# Equipos rayos x



## kristy (Abr 2, 2008)

Hola, quisiera saber si alguien sabe si se puede descargar el manual de un equipo de rayos x de siemens es de la familia polymovil.
Gracias de antemano


----------



## Elvis! (Abr 2, 2008)

Necesitas que sea solamente ese tipo de equipo o con cualquier otro parecido o de otra marca no tendrias problemas?

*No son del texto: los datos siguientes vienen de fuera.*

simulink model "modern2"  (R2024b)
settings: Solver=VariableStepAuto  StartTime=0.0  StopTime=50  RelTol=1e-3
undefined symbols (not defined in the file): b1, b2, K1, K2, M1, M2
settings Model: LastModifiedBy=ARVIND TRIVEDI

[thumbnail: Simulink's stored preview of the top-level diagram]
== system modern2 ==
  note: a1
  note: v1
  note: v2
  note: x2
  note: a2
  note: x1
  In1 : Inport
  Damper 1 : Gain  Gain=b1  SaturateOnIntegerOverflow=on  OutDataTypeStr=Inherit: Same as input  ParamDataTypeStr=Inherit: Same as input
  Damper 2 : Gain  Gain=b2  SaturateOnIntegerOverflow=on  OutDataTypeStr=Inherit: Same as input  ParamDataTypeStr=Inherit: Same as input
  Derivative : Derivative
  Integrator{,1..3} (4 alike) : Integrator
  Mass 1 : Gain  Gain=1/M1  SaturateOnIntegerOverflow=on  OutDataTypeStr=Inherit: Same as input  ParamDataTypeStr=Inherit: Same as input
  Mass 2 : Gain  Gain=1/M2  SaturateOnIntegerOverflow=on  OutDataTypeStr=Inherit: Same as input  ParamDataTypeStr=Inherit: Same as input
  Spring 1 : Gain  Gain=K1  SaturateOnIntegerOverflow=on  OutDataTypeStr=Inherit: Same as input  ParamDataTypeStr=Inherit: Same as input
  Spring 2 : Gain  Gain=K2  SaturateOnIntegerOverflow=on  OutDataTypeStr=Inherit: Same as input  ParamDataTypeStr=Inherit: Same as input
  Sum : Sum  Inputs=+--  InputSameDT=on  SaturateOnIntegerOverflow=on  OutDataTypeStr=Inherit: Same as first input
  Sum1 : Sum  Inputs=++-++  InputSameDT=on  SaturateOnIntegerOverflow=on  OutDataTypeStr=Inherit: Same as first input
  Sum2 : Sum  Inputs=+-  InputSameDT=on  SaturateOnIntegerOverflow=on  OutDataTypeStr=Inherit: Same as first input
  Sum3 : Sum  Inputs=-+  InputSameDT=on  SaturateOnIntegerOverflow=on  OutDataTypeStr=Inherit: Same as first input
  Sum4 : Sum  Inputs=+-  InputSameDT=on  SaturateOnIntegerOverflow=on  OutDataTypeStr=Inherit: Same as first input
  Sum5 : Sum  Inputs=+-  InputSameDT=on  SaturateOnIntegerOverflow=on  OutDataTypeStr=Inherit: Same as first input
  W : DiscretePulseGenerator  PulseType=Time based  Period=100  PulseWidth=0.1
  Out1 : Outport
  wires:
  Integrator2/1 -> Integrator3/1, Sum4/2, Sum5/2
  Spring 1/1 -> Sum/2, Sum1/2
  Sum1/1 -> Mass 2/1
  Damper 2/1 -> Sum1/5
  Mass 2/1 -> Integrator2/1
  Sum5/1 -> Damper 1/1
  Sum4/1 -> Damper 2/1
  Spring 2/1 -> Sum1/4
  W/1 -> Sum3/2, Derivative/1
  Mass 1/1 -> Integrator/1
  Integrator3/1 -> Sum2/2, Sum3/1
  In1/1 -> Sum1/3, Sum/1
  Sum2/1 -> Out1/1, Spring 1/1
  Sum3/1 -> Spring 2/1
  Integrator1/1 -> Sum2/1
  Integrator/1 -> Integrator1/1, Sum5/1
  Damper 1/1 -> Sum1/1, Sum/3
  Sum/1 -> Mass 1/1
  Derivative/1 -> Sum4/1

Podrias decirnos para que lo vas a utilizar?


Un saludo!


----------



## DJ DRACO (Abr 13, 2008)

tenes ese equipo en especial? o queres saber como se construye un radiador de rayos x? porque para hacerlo es bastante simple, pero muy peligroso. los manuales y esas cosas creo q los vas a encontrar mejor por el buscador q por el foro.


----------



## Elvis! (Abr 13, 2008)

*DJ DRACO* al parece krysty se olvido de pasar de nuevo por el foro o soluciono su problema y no aviso nada :S

Un saludo!


----------



## ing.yovanny (Mar 7, 2009)

Hola amigos, tenfo un problema con un equipo portatil de rayos x, tengo dos cables sueltos de este equipo son dos cables que bienen debajo de las trajetas de mando o de control, del cual probienen del transformador grande que tambien alimenta las tarjetas bien son tres cables principales q salen del transformador dos de ellos los tengo sueltos un tab central y el otro es de un extremo de la bobina,

Si alguien me podria colaborar con los planos se los agradeceria,

Marca      General Electric
Modelo    11cca1
numero   842196
Modelo    cmx 110


----------



## jackflash43 (Ago 28, 2009)

El modelo es CMX o AMX.
Si aclara el modelo y envía una foto del equipo y del area donde está el problema puedo hacer algo por usted.


----------



## ing.yovanny (Oct 12, 2009)

hola,, e solucionado el problema de los tre cables del trasnformador,, de ante mano gracias por tu mensaje o por responder,,, tengo otro problemita,,, estoy en tesis y no se q hacer,, estube metido un buen tiempo por los equipos de rayos x y quisiera saber hacerca de como se puede plasmar el rayo en una celula q plasme directamente a una computadora,,, o si tu sabes de alguna idea de algun tipo de tesis parecida o mas simple te lo agradeceria, pues no puedo terminar micarrera,,, te lo ahradeceria si me respondes lo mas rapido posible pues tengo  solo 6 meses para esto...



un abrazo


----------



## joanmontoya (Dic 3, 2010)

hola necesito hacer un proyecto de hacer gafas de rayos x para yo poder ver dentro de los aparatos o laguna maquinaria pense si se podia resolverlo el problema y asi nos puede faciliar las soluciones de poder arreglarlo.


----------



## Fogonazo (Dic 3, 2010)

joanmontoya dijo:


> hola necesito hacer un proyecto de hacer gafas de rayos x para yo poder ver dentro de los aparatos o laguna maquinaria pense si se podia resolverlo el problema y asi nos puede faciliar las soluciones de poder arreglarlo.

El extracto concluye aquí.